People reflect your mood back on you. Negativity can drain you, but positive people are a great source of energy for those around them.

Recently, I waxed lyrical about gratitude and reframing to someone. But they insist that sometimes it is best to offload onto friends or relatives. I didn’t CompletelyAlthough I disagree, there is something that I can add to the discussion:

Positive thinking leads to increased happiness by default. DeAn increase in negative experience, which results in less frequent feeling positive. You are requiredYou can offload. Also that’sThe magic behind this entire concept.

There’s one final step in my toolkit…

3. Journaling

Unfortunately, when you’ve grown up in a negative environment, it can be all too easy to slide back into ingrained behaviors—old habits die hard.

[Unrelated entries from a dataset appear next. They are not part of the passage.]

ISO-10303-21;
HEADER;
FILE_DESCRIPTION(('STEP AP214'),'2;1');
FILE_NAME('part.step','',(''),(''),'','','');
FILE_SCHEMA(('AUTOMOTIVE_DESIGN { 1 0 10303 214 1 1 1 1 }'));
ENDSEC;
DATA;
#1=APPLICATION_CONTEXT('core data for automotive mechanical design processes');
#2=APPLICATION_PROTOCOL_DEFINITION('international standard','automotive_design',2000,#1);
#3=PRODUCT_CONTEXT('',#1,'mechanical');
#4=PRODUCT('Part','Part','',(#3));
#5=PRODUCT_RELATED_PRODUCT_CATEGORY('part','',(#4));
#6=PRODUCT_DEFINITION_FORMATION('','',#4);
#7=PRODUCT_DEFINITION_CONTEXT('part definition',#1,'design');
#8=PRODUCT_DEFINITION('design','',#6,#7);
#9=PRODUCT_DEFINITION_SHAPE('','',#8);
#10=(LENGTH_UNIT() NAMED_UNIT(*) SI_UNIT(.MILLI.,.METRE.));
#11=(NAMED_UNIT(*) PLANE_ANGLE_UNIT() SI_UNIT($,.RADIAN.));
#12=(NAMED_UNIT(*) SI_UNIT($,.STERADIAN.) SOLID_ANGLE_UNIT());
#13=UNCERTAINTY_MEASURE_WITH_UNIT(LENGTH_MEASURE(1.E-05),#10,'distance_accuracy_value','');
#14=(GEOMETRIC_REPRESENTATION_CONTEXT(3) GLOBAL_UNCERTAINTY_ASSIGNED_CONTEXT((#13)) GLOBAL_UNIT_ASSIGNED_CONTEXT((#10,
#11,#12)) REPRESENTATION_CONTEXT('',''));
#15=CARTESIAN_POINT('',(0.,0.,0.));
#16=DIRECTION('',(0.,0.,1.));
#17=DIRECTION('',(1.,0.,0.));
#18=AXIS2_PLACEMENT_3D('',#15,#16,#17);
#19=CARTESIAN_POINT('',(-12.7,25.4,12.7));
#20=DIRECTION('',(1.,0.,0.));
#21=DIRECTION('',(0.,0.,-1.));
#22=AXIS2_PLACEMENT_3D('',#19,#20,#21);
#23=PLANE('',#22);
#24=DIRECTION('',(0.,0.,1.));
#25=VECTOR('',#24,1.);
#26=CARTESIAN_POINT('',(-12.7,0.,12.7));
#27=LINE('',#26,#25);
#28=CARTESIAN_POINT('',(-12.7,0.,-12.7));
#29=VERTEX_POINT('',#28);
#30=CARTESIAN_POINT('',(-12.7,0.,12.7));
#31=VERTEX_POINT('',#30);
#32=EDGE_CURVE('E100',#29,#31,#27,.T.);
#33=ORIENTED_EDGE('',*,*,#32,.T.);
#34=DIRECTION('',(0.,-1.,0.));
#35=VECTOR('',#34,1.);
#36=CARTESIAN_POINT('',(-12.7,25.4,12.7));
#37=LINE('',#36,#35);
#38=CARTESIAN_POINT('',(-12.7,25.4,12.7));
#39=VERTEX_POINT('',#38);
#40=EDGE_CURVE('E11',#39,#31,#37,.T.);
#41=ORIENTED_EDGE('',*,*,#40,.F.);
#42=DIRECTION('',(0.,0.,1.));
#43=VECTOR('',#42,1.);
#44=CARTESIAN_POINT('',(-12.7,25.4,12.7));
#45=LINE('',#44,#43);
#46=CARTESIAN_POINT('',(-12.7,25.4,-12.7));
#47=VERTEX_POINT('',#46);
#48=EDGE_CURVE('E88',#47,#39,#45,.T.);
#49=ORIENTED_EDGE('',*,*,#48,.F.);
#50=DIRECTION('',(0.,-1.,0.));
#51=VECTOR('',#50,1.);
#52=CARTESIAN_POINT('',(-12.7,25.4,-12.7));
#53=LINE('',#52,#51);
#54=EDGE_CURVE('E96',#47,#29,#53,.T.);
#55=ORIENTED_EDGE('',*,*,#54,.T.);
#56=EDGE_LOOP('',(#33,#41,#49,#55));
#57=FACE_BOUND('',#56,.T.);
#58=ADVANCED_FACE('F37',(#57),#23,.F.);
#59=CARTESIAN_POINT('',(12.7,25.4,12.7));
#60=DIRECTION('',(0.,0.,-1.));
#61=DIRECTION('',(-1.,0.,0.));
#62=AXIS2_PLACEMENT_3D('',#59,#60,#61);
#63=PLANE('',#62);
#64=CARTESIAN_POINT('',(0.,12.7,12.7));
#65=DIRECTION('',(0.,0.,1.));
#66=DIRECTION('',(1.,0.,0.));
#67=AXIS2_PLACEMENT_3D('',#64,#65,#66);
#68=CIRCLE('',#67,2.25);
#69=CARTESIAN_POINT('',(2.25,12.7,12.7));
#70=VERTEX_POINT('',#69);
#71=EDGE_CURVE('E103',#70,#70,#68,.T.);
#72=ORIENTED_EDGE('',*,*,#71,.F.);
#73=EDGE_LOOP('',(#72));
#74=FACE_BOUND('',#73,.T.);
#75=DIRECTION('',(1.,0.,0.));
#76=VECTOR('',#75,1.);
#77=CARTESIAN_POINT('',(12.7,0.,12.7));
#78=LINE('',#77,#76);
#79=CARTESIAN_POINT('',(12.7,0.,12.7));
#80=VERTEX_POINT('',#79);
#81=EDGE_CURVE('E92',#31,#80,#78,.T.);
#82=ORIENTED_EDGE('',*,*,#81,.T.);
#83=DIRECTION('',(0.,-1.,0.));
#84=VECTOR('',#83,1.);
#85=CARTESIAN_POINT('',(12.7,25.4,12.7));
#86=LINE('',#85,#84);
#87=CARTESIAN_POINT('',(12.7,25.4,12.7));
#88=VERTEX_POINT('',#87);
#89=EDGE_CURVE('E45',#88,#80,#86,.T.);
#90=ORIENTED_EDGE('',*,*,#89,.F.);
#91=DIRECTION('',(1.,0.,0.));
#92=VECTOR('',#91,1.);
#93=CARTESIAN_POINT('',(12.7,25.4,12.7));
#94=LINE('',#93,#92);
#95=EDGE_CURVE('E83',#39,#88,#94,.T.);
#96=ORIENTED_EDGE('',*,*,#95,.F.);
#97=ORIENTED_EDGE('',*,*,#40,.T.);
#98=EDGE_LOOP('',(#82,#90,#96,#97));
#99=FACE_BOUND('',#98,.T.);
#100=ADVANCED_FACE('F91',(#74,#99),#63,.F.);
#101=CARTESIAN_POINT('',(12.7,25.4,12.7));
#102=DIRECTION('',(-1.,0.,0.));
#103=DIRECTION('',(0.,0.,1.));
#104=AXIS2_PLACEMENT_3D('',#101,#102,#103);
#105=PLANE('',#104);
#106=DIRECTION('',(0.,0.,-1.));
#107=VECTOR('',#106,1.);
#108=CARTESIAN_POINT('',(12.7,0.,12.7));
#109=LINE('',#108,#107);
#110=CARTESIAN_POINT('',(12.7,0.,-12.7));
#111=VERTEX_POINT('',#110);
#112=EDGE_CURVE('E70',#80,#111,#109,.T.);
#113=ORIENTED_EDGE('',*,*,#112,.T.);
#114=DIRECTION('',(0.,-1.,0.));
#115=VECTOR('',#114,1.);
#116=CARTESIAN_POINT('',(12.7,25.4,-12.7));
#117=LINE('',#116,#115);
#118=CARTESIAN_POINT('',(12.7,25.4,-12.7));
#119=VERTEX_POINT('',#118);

For that reason, even though I feel very mentally robust these days, I know that if I stop practicing these new skills, it’s almost inevitable that I’ll return to the mindset I developed as a child. (I’ve learned this the hard way.)

My favorite method to keep track of my goals and be accountable is journaling. It can incorporate all the ideas above plus many others.

It all depends on how I feel, but journaling is a wonderful way for me to be mindful, in flow or just as an outlet. All of it!

They all feed off and strengthen each other. They can be life-changing when combined.

 

 

Kate Tunstall

Kate Tunstall is editor of Refined Prose, a bullet journaling site and personal development blog. Kate’s website is where she shares her love for journaling, and positive psychology in general that supports mental well-being and mental health. She also shares her experiences with cow’s milk protein allergy, supporting other mums breastfeeding through allergies. Kate also writes about the science-backed elements of manifesting, such as manifestation affirmations, on her second website, Manifesting & Human Design.

Participate in the discussion! To leave a comment, click here

Tiny Buddha published The Power of Reframing: Three Ways to Feel Happier About Life.